Demokrat Denpasar Hidupkan Semangat Tri Hita Karana Lewat Gerakan Langit Biru

Demokrat Denpasar
Kesolidan pengurus DPC Partai Demokrat Kota Denpasar - (Foto: Dok LenteraEsai)

Denpasar, LenteraEsai.id — Menjaga lingkungan tidak cukup hanya dengan berbicara tentang kebersihan. Kesadaran itu harus diwujudkan melalui tindakan nyata dan dilakukan bersama-sama.

Semangat tersebut menjadi pesan utama yang dibawa Dewan Pimpinan Cabang (DPC) Partai Demokrat Kota Denpasar dalam rangkaian peringatan HUT ke-25 Partai Demokrat. Mengusung gerakan “Langit Biru Indonesia Asri”, para kader Demokrat Denpasar turun langsung melakukan penghijauan dan aksi bersih-bersih lingkungan dengan mengangkat nilai kearifan lokal Bali, Tri Hita Karana.

Bacaan Lainnya

Ketua DPC Partai Demokrat Kota Denpasar, Drs. A. A. Ketut Asmara Putra atau Gung Cilik, mengatakan kegiatan tersebut merupakan bagian dari gerakan lingkungan yang diinisiasi Dewan Pimpinan Pusat (DPP) Partai Demokrat dan dilaksanakan secara serentak di berbagai daerah atas arahan Ketua Umum Partai Demokrat, Agus Harimurti Yudhoyono (AHY).

Yang menarik, semangat HUT ke-25 diterjemahkan secara simbolis ke dalam aksi penghijauan. DPC Demokrat Denpasar menyiapkan 75 bibit tanaman, yang terdiri atas 25 pohon kepundung, 25 pohon cempaka, dan 25 pohon kembang sepatu.

Bagi Demokrat Denpasar, angka tersebut bukan sekadar jumlah tanaman. Angka 25 menjadi simbol perjalanan seperempat abad Partai Demokrat sekaligus pengingat bahwa peringatan hari jadi semestinya meninggalkan manfaat yang dapat dirasakan masyarakat dan lingkungan.

“Momentum ulang tahun ini kami jadikan kesempatan untuk berbuat sesuatu yang nyata bagi lingkungan.
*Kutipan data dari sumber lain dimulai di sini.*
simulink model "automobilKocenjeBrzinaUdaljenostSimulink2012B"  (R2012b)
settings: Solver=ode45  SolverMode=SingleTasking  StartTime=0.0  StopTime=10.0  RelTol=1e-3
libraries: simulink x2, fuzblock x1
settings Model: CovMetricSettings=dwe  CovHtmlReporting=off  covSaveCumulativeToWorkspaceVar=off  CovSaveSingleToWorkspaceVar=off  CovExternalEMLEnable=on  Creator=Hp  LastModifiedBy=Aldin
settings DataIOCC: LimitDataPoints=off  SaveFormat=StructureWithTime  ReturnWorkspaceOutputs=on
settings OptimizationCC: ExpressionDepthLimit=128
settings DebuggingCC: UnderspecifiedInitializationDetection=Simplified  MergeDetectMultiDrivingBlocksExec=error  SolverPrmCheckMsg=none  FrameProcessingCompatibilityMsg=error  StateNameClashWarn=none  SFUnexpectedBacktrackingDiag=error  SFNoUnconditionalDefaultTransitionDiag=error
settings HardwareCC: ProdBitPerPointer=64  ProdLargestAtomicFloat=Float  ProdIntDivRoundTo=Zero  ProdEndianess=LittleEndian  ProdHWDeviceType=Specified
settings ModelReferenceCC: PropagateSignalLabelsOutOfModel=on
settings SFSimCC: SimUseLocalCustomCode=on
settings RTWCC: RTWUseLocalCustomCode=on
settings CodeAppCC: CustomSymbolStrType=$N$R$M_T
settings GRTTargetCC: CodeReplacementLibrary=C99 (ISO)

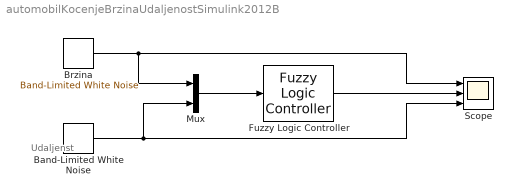
== system automobilKocenjeBrzinaUdaljenostSimulink2012B ==
  note: Udaljenst
  Band-Limited White Noise : simulink/Sources/Band-Limited White Noise  Cov=[150]  Ts=0.1  seed=[23341]
  Brzina : simulink/Sources/Band-Limited White Noise  Cov=[100]  Ts=0.1  seed=[23341]
  Fuzzy Logic Controller : fuzblock/Fuzzy Logic  Controller  FIS=automobilKocenjeBrzinaUdaljenost
  Mux : Mux  Inputs=2
  Scope : Scope  NumInputPorts=3
      settings: TimeRange=auto  MaxDataPoints=5000  SaveToWorkspace=off  SaveName=ScopeData  YMin=-113.9215~-5~-5  YMax=145.71139~5~5  SampleTime=-1
  wires:
  Mux/1 -> Fuzzy Logic Controller/1
  Brzina/1 -> Scope/1, Mux/1
  Band-Limited White Noise/1 -> Scope/3, Mux/2
  Fuzzy Logic Controller/1 -> Scope/2

Kami ingin masyarakat melihat bahwa menjaga alam merupakan tanggung jawab bersama,” ujar Gung Cilik.

Rangkaian kegiatan dimulai dengan gerak jalan bersama. Dari sana, para kader melanjutkan perjalanan menggunakan kendaraan bermotor menuju kawasan Kintamani.

Di kawasan tersebut, kegiatan dilanjutkan dengan penanaman pohon di sekitar Danau Batur dan kawasan Bukit Penulisan. Aksi kemudian diteruskan dengan kegiatan bersih-bersih di kawasan Pantai Sanur, Denpasar.

Rangkaian kegiatan itu sekaligus menggambarkan pesan yang ingin dibangun Demokrat Denpasar: kepedulian terhadap lingkungan tidak mengenal batas wilayah. Dari kawasan pegunungan hingga pesisir, alam Bali membutuhkan perhatian dan keterlibatan semua pihak.

Menanam Pohon, Menanam Kesadaran

Selain penghijauan, persoalan sampah menjadi perhatian penting dalam kegiatan tersebut.

Gung Cilik menilai persoalan sampah plastik tidak dapat diselesaikan hanya melalui kegiatan bersih-bersih sesaat. Diperlukan perubahan perilaku masyarakat, terutama melalui kebiasaan memilah dan mengelola sampah sejak dari sumbernya.

Ia mengapresiasi kebijakan Pemerintah Kota Denpasar yang mendorong pemilahan sampah organik dan anorganik. Menurutnya, kebijakan tersebut akan semakin efektif apabila mendapatkan dukungan dari masyarakat.

Kesadaran itu menjadi semakin penting karena Bali tidak hanya menjadi tempat tinggal masyarakat, tetapi juga salah satu destinasi pariwisata dunia. Kebersihan lingkungan menjadi bagian yang tidak terpisahkan dari keberlanjutan pariwisata Bali.

“Kalau kita ingin Bali tetap menjadi destinasi pariwisata dunia yang bersih dan asri, pemerintah tidak bisa bekerja sendiri. Masyarakat juga harus terlibat,” tegasnya.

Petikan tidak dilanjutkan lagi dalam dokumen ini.